Een enorme kwaliteitsimpuls
De zonovergoten ruimte van een eeuwenoude studentensociëteit in het midden des lands. Terwijl een nijvere ober zich met twee bestellingen spiegelei broods een weg baant door de van vers zweet en verschaald bier verzadigde ruimte, bestuderen de heren Maliepaard en Van Buffelen in de haardkring een stafkaart van Den Haag. Dan nadert een jeugdig ogend politicus met een vervaarlijke glimlach de haardkring.
“Dag heren, de naam is Rutte. Mag ik even bij u aanschuiven voor een stimulerend gesprekje over de noodzaak van beter hoger onderwijs? Want ik neem toch aan dat u daar ook voor bent.”
“Welzeker zijn wij daarvoor, Rutte. Waarom dacht je dat we vrijdag voor het eerst in ons leven onze linkse vrinden van de USF naar Den Haag vergezellen?”
“Mooi zo. Ik neem althans aan dat u de demonstratie van de oppositionele krachten in dit land zult gebruiken voor een krachtig tegengeluid, dat u het langharig volkje ter linker zijde duidelijk zult maken hoe blij men mag zijn met een kabinet dat de Nederlandse student een zo warm hart toedraagt als dit kabinet.”
“Een warm hart? En waar blijkt dat dan wel uit? Uit het feit dat mijn goede vriend Maliepaard en ik straks drieduizend euro extra mogen gaan bijdragen aan de staatskas, alleen maar omdat wij wat tijd hebben gestoken in onze academische vorming?”
“Ja hoort u eens heren, in een markteconomie heeft alles zijn prijs.”
“Of misschien uit het feit dat wij in de masterfase onze basisbeurs en ons OV kwijt raken, zodat we gedwongen zijn om vakken te gaan vullen bij de Appie, waardoor we nog een jaar langer over onze studie doen, wat ons weer drieduizend euro extra gaat kosten?”

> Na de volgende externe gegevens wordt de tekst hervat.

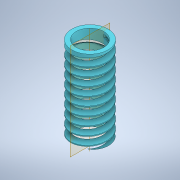
# Autodesk Inventor part: outerShell
Saved by Autodesk Inventor 2021.1 (Build 251245000, 245)
## iProperties
Created: 2020-08-16
Part Number: outerShell
Material: Generic
Document SubType Name: Modeling
Designer: robst
Density: 1 g/cm^3
Appearance: Cadet Blue
Author: robst
Autodesk Inventor part; units mm, degrees
ref_plane "XZ Plane" through (0, 0, 0) normal (0, 1, 0) x (-1, 0, 0)
ref_plane "XY Plane" through (0, 0, 0) normal (0, 0, 1) x (1, 0, 0)
sketch "Sketch1" plane through (0, 0, 0) normal (0, 1, 0) x (-1, 0, 0)
  circle A0 centre (0, 0) radius 26.9875
  circle A1 centre (0, 0) radius 20.6375
  dimension "d0" = 53.975
  dimension "d10" = 41.275
  constraints: 2 centre point, 2 coincident
  measures "d0" diameter of A0
  measures "d10" diameter of A1
extrude "Extrusion2" add sketch "Sketch1" along normal blind 127
sketch "Sketch3" plane through (0, 0, 0) normal (1, 0, 0) x (0, 1, 0)
  line L0 (0, -26.9875) -> (127, -26.9875) projected
  line L1 (127, -26.9875) -> (127, 26.9875) projected
  line L2 (127, -26.9875) -> (121.3198, -17.149)
  line L3 (121.3198, -17.149) -> (115.6395, -26.9875)
  point P0 (0, 0)
  dimension "d13" = 60
  constraints: 4 end point, 1 equal length, 1 point on line
  measures "d13" angle of L3 L2
coil "Coil1" sketch "Sketch3" operation cut axis through (0, -10, 0) along (0, -1, 0) pitch 12.7 turns 10 hand right
body "Solid2"
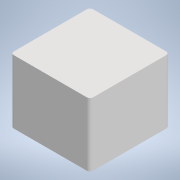
# Autodesk Inventor part: stepper driver
Saved by Autodesk Inventor 2020 (Build 240168000, 168)
## iProperties
Created: 2022-12-14
Part Number: stepper driver
Material: Generic
Document SubType Name: Modeling
Designer: Manish
Density: 1 g/cm^3
Appearance: Default
Author: Manish
Autodesk Inventor part; units mm, degrees
ref_plane "YZ Plane" through (0, 0, 0) normal (1, 0, 0) x (0, 1, 0)
ref_plane "XZ Plane" through (0, 0, 0) normal (0, 1, 0) x (-1, 0, 0)
ref_plane "XY Plane" through (0, 0, 0) normal (0, 0, 1) x (1, 0, 0)
sketch "Sketch1" plane through (0, 0, 0) normal (0, 1, 0) x (-1, 0, 0)
  line L0 (-2, 0) -> (-48, 0)
  line L1 (-50, -2) -> (-50, -48)
  line L2 (-48, -50) -> (-2, -50)
  line L3 (0, -48) -> (0, -2)
  arc A0 (0, -2) -> (-2, 0) centre (-2, -2) ccw
  arc A1 (-50, -48) -> (-48, -50) centre (-48, -48) ccw
  arc A2 (-2, -50) -> (0, -48) centre (-2, -48) ccw
  arc A3 (-48, 0) -> (-50, -2) centre (-48, -2) ccw
  point P0 (0, 0)
  point P1 (-50, 0)
  point P2 (-50, -50)
  dimension "d0" = 50
  dimension "d1" = 50
  dimension "d2" = 2
  constraints: 8 end point, 8 point on circle, 8 tangent, 6 point on line, 4 centre point, 3 equal radius, 2 parallel, 1 horizontal, 1 perpendicular
  measures "d0" distance of point (0, 0) point (-50, 0)
  measures "d1" distance of point (-50, -50) point (-50, 0)
  measures "d2" radius of A0
extrude "Extrusion1" add sketch "Sketch1" along normal blind 40
body "Solid1"
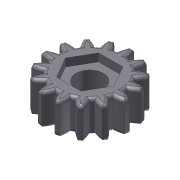
# Autodesk Inventor part: Engranaje_varilla_Z
Saved by Autodesk Inventor 2015 SP2 (Build 190223200, 223)
## iProperties
Created: 2015-05-13
Material: Steel
Document SubType Name: Modeling
Designer: E.Beroiz
Categories: <?xml version="1.0" encoding="UTF-16"?> <MemberInstance><Categories><FamilyTemplate><FamilyTemplateParameter ValueType="xs:double" Id="1" ObjectReferenceKey="da_z" ObjectType="kUserParameterObject"/><FamilyTemplateParameter ValueType="xs:double" Id="2" ObjectReferenceKey="da_b" ObjectType="kUserParameterObject"/><FamilyTemplateParameter ValueType="xs:double" Id="3" ObjectReferenceKey="da_beta" ObjectType="kUserParameterObject"/><FamilyTemplateParameter ValueType="xs:double" Id="4" ObjectReferenceKey="da_da" ObjectType="kUserParameterObject"/><FamilyTemplateParameter ValueType="xs:double" Id="5" ObjectReferenceKey="da_aw" ObjectType="kUserParameterObject"/><FamilyTemplateParameter ValueType="xs:string" Id="6" ObjectReferenceKey="EAIAABAAAACIAQAAAAAAAIAAAAAAAAAA" ObjectType="83910656" SubObjectId="SurfaceGeometry"/></FamilyTemplate><ParamToTemplateMap><ParamToTemplate CategoryParameter="//CategoryParameter[@InternalName='046C89C9-8512-4d59-83FE-43B91F4F132A']" TemplateParameter="1"/><ParamToTemplate CategoryParameter="//CategoryParameter[@InternalName='2552DF32-E462-4b46-AEBF-C6C7768E72AC']" TemplateParameter="2"/><ParamToTemplate CategoryParameter="//CategoryParameter[@InternalName='C9EE641D-15FC-4fae-A226-E94C4372FDD7']" TemplateParameter="3"/><ParamToTemplate><ParamToTemplate CategoryParameter="//CategoryParameter[@InternalName='00B6519A-459B-49c7-AD84-2E56D39A5744']" ConstantValue="-0.439000"/></ParamToTemplate><ParamToTemplate><ParamToTemplate CategoryParameter="//CategoryParameter[@InternalName='04B31F0E-C7A6-4894-AA32-9629BEFACF47']" ConstantValue="0.800000"/></ParamToTemplate><ParamToTemplate><ParamToTemplate CategoryParameter="//CategoryParameter[@InternalName='43CBEC2E-7847-49e7-A936-2F7889FCB2D9']" ConstantValue="0.300000"/></ParamToTemplate><ParamToTemplate><ParamToTemplate CategoryParameter="//CategoryParameter[@InternalName='B1EFC894-105D-4ebd-86BF-FA20ED196853']" ConstantValue="0.151900"/></ParamToTemplate><ParamToTemplate><ParamToTemplate CategoryParameter="//CategoryParameter[@InternalName='51175063-3D10-4879-93E8-6246FE8B403D']" ConstantValue="2060000000.000000"/></ParamToTemplate><ParamToTemplate><ParamToTemplate CategoryParameter="//CategoryParameter[@InternalName='A3A52E27-4454-46a9-B0BD-C932399B70AF']" ConstantValue="0.300000"/></ParamToTemplate><ParamToTemplate><ParamToTemplate CategoryParameter="//CategoryParameter[@InternalName='91B76062-C214-41d9-B1B9-14D2AB99603D']" ConstantValue="0.175000"/></ParamToTemplate><ParamToTemplate><ParamToTemplate CategoryParameter="//CategoryParameter[@InternalName='374E806E-8B8A-4dda-A9AA-1039D6500AD2']" ConstantValue="5.714286"/></ParamToTemplate><ParamToTemplate><ParamToTemplate CategoryParameter="//CategoryParameter[@InternalName='2D373A89-B862-43d6-8D0B-0CBF12AB9F6C']" ConstantValue="0.349066"/></ParamToTemplate><ParamToTemplate CategoryParameter="//CategoryParameter[@InternalName='37777632-D6A2-4fac-9D53-DB8ACD95C989']" TemplateParameter="4"/><ParamToTemplate CategoryParameter="//CategoryParameter[@InternalName='FD1017F1-B727-4f7e-9707-0F86F1FF9423']" TemplateParameter="5"/><ParamToTemplate><ParamToTemplate CategoryParameter="//CategoryParameter[@InternalName='9E1B4470-B2D3-4ff1-B813-535BB4CDF51A']" ConstantValue="3520000.000000"/></ParamToTemplate><ParamToTemplate><ParamToTemplate CategoryParameter="//CategoryParameter[@InternalName='F8452263-BFF6-458c-9FB1-07C4B99E95CD']" ConstantValue="11400000.000000"/></ParamToTemplate><ParamToTemplate><ParamToTemplate CategoryParameter="//CategoryParameter[@InternalName='3E3BB259-FD49-497f-8171-6EBC954A3479']" ConstantValue="2.000000"/></ParamToTemplate><ParamToTemplate CategoryParameter="//CategoryParameter[@InternalName='27C3BAF2-7550-4e4b-AE2C-0DB134B7D9B7']" TemplateParameter="6"/></ParamToTemplateMap><Category DisplayName="Gear" InternalName="DC85795E-93AB-48d5-8EEE-5A27447B64BD" Mnemonic="Gear"><CategoryParameter DisplayName="z" InternalName="046C89C9-8512-4d59-83FE-43B91F4F132A" Mnemonic="z"/><CategoryParameter DisplayName="b" InternalName="2552DF32-E462-4b46-AEBF-C6C7768E72AC" Mnemonic="b"/><CategoryParameter DisplayName="||b|" InternalName="C9EE641D-15FC-4fae-A226-E94C4372FDD7" Mnemonic="beta"/><CategoryParameter DisplayName="x" InternalName="00B6519A-459B-49c7-AD84-2E56D39A5744" Mnemonic="x"/><CategoryParameter DisplayName="a*" InternalName="04B31F0E-C7A6-4894-AA32-9629BEFACF47" Mnemonic="a"/><CategoryParameter DisplayName="c*" InternalName="43CBEC2E-7847-49e7-A936-2F7889FCB2D9" Mnemonic="c"/><CategoryParameter DisplayName="r|.f|*" InternalName="B1EFC894-105D-4ebd-86BF-FA20ED196853" Mnemonic="rf"/><CategoryParameter DisplayName="E" InternalName="51175063-3D10-4879-93E8-6246FE8B403D" Mnemonic="E"/><CategoryParameter DisplayName="||m|" InternalName="A3A52E27-4454-46a9-B0BD-C932399B70AF" Mnemonic="mi"/><Category DisplayName="SpurGear" InternalName="26C5A22E-A91E-4dfd-A3B3-23CCAFAE1764" Mnemonic="SpurGear"><CategoryParameter DisplayName="m" InternalName="91B76062-C214-41d9-B1B9-14D2AB99603D" Mnemonic="m"/><CategoryParameter DisplayName="P" InternalName="374E806E-8B8A-4dda-A9AA-1039D6500AD2" Mnemonic="PP"/><CategoryParameter DisplayName="||a|" InternalName="2D373A89-B862-43d6-8D0B-0CBF12AB9F6C" Mnemonic="alpha"/><CategoryParameter DisplayName="d|.a|" InternalName="37777632-D6A2-4fac-9D53-DB8ACD95C989" Mnemonic="da"/><CategoryParameter DisplayName="a|.w|" InternalName="FD1017F1-B727-4f7e-9707-0F86F1FF9423" Mnemonic="aw"/><CategoryParameter DisplayName="||s||.Flim|" InternalName="9E1B4470-B2D3-4ff1-B813-535BB4CDF51A" Mnemonic="sFlim"/><CategoryParameter DisplayName="||s||.Hlim|" InternalName="F8452263-BFF6-458c-9FB1-07C4B99E95CD" Mnemonic="sHlim"/><CategoryParameter DisplayName="tipo" InternalName="3E3BB259-FD49-497f-8171-6EBC954A3479" Mnemonic="type"/><CategoryParameter DisplayName="PitchDiameter" InternalName="27C3BAF2-7550-4e4b-AE2C-0DB134B7D9B7" Mnemonic="IDS_PITCHDIAM"/></Category></Category></Categories></MemberInstance>
Density: 1 g/cm^3
Appearance: Steel
Description: Cycl_engranajeVarillaZ
CustomPartVersion: 1
Author: E.Beroiz
Autodesk Inventor part; units mm, degrees
sketch "Sketch1" plane through (0, 0, 0) normal (0, 0, 1) x (1, 0, 0)
  circle A0 centre (0, 0) radius 13.4
  dimension "d0" = 26.8
  constraints: 1 centre point
  measures "d0" diameter of A0
extrude "Extrusion1" add sketch "Sketch1" along normal blind 10
ref_plane "Work Plane2" through (0, 0, 5) normal (0, 0, 1) x (1, 0, 0)
sketch "Sketch2" plane through (0, 0, 0) normal (0, 0, -1) x (-1, 0, 0)
  circle A0 centre (0, 0) radius 13.4 projected
  circle A1 centre (0, 0) radius 12.3913
  dimension "d3" = 24.7826
  constraints: 1 centre point, 1 coincident
  measures "d3" diameter of A1
surface extrude "Diámetro de separación" sketch "Sketch2" against normal through all shown no curves A1
ref_plane "Work Plane8" through (0, 0, 0) normal (0.9781476, 0.2079117, 0) x (0, 0, 1)
ref_plane "Work Plane9" through (0, 0, 0) normal (1, 0, 0) x (0, 1, 0)
spur gear teeth "Engranaje recto" teeth 15 pitch diameter 26.25 tip diameter 26.8 root diameter 20.8635 face width 10 start plane through (0, 0, 0) normal (0, 0, -1) x (-1, 0, 0)
sketch "Boceto4" plane through (0, 0, 10) normal (0, 0, 1) x (1, 0, 0)
  line L0 (7.7365, 0) -> (3.8682, -6.7)
  line L1 (3.8682, -6.7) -> (-3.8682, -6.7)
  line L2 (-3.8682, -6.7) -> (-7.7365, 0)
  line L3 (-7.7365, 0) -> (-3.8682, 6.7)
  line L4 (-3.8682, 6.7) -> (3.8682, 6.7)
  line L5 (3.8682, 6.7) -> (7.7365, 0)
  point P0 (0, 0)
  point P1 (0, 0)
  dimension "d52" = 13.4
  constraints: 12 end point, 1 coincident, 1 horizontal, 13 other
  measures "d52" distance between parallel lines of L4 L1
extrude "Extrusión3" cut sketch "Boceto4" against normal blind 2.5
sketch "Boceto5" plane through (0, 0, 7.5) normal (0, 0, 1) x (1, 0, 0)
  circle A0 centre (0, 0) radius 4.35
  dimension "d55" = 8.7
  constraints: 1 centre point, 1 coincident
  measures "d55" diameter of A0
extrude "Extrusión4" cut sketch "Boceto5" against normal through all
fillet "Empalme1" radius 1 60 edges at (-6.0243, 10.3263, 10) (-6.1316, 8.4395, 10) (-7.9593, 8.9204, 10) (-9.9581, 8.9664, 10) (-9.7035, 6.9832, 10) (-9.0342, 5.2159, 10) (-10.8994, 4.9119, 10) (-12.7442, 4.1408, 10) (-11.705, 2.4327, 10) (-10.3746, 1.0904, 10) (-11.955, 0.0541, 10) (-13.3266, -1.4007, 10) (-11.6825, -2.5384, 10) (-9.9212, -3.2236, 10) (-10.9434, -4.8131, 10) (-11.6047, -6.7, 10) (-9.64, -7.0707, 10) (-7.7523, -6.9802, 10) (-8.0396, -8.8481, 10) (-7.8763, -10.8408, 10) (-5.9307, -10.3803, 10) (-4.243, -9.5299, 10) (-3.7457, -11.3532, 10) (-2.786, -13.1072, 10) (-1.1959, -11.8951, 10) (0, -10.4317, 10) (1.1959, -11.8951, 10) (2.786, -13.1072, 10) (3.7457, -11.3532, 10) (4.243, -9.5299, 10) (5.9307, -10.3803, 10) (7.8763, -10.8408, 10) (8.0396, -8.8481, 10) (7.7523, -6.9802, 10) (9.64, -7.0707, 10) (11.6047, -6.7, 10) (10.9434, -4.8131, 10) (9.9212, -3.2236, 10) (11.6825, -2.5384, 10) (13.3266, -1.4007, 10) (11.955, 0.0541, 10) (10.3746, 1.0904, 10) (11.705, 2.4327, 10) (12.7442, 4.1408, 10) (10.8994, 4.9119, 10) (9.0342, 5.2159, 10) (9.7035, 6.9832, 10) (9.9581, 8.9664, 10) (7.9593, 8.9204, 10) (6.1316, 8.4395, 10) (6.0243, 10.3263, 10) (5.4503, 12.2415, 10) (3.6429, 11.3866, 10) (2.1689, 10.2038, 10) (1.3034, 11.8838, 10) (0, 13.4, 10) (-1.3034, 11.8838, 10) (-2.1689, 10.2038, 10) (-3.6429, 11.3866, 10) (-5.4503, 12.2415, 10)
fillet "Empalme2" radius 1 60 edges at (-6.0243, 10.3263, 0) (-5.4503, 12.2415, 0) (-3.6429, 11.3866, 0) (-2.1689, 10.2038, 0) (-1.3034, 11.8838, 0) (0, 13.4, 0) (1.3034, 11.8838, 0) (2.1689, 10.2038, 0) (3.6429, 11.3866, 0) (5.4503, 12.2415, 0) (6.0243, 10.3263, 0) (6.1316, 8.4395, 0) (7.9593, 8.9204, 0) (9.9581, 8.9664, 0) (9.7035, 6.9832, 0) (9.0342, 5.2159, 0) (10.8994, 4.9119, 0) (12.7442, 4.1408, 0) (11.705, 2.4327, 0) (10.3746, 1.0904, 0) (11.955, 0.0541, 0) (13.3266, -1.4007, 0) (11.6825, -2.5384, 0) (9.9212, -3.2236, 0) (10.9434, -4.8131, 0) (11.6047, -6.7, 0) (9.64, -7.0707, 0) (7.7523, -6.9802, 0) (8.0396, -8.8481, 0) (7.8763, -10.8408, 0) (5.9307, -10.3803, 0) (4.243, -9.5299, 0) (3.7457, -11.3532, 0) (2.786, -13.1072, 0) (1.1959, -11.8951, 0) (0, -10.4317, 0) (-1.1959, -11.8951, 0) (-2.786, -13.1072, 0) (-3.7457, -11.3532, 0) (-4.243, -9.5299, 0) (-5.9307, -10.3803, 0) (-7.8763, -10.8408, 0) (-8.0396, -8.8481, 0) (-7.7523, -6.9802, 0) (-9.64, -7.0707, 0) (-11.6047, -6.7, 0) (-10.9434, -4.8131, 0) (-9.9212, -3.2236, 0) (-11.6825, -2.5384, 0) (-13.3266, -1.4007, 0) (-11.955, 0.0541, 0) (-10.3746, 1.0904, 0) (-11.705, 2.4327, 0) (-12.7442, 4.1408, 0) (-10.8994, 4.9119, 0) (-9.0342, 5.2159, 0) (-9.7035, 6.9832, 0) (-9.9581, 8.9664, 0) (-7.9593, 8.9204, 0) (-6.1316, 8.4395, 0)
fillet "Empalme3" radius 1 1 edges at (-4.35, 0, 0)
equation "\"d0\" = da_da"
equation "\"d1\" = da_b"
equation "\"d3\" = da_dw"
equation "\"d16\" = da_aw"
equation "\"d43\" = da_aw"
equation "\"d46\" = da_aw"
equation "\"da_da\" = 26.8"
equation "\"da_b\" = 10"
equation "\"da_dw\" = 24.782609"
equation "\"da_aw\" = 19"
body "Solid1"
body "Srf1"

“Ja heren, geen weg zo recht of er zit wel een bochtje in, zoals mijn oude vader placht te zeggen. Maar tegenover die paar nauwelijks noemenswaardige nadelen staat de enorme kwaliteitsimpuls die dit kabinet het hoger onderwijs gaat geven. Wilt u daar ook even bij stilstaan? Er komen bijvoorbeeld veel meer contacturen dan er nu zijn.”
“Je meent het, Rutte.”
“Verder gaat dit kabinet het onderwijs kleinschaliger maken dan het ooit geweest is.”
“Geweldig.”
“En bovendien is het afgelopen met die hoogleraren die hun ondergeschikten de kastanjes uit het vuur laten halen. Voor de klas met die lui en snel een beetje, is ons motto.”
“Goh Rutte, dat klinkt veelbelovend. Maar hoe denk je dat allemaal voor elkaar te krijgen?”
“O, daar hebben we een heel doeltreffende aanpak voor bedacht. In de eerste plaats gaan we fors op de universiteiten bezuinigen. Zo laten we ze zien dat het ons ernst is.”
“Dat zal de universiteiten aan het denken zetten, denk je ook niet, Maliepaard?”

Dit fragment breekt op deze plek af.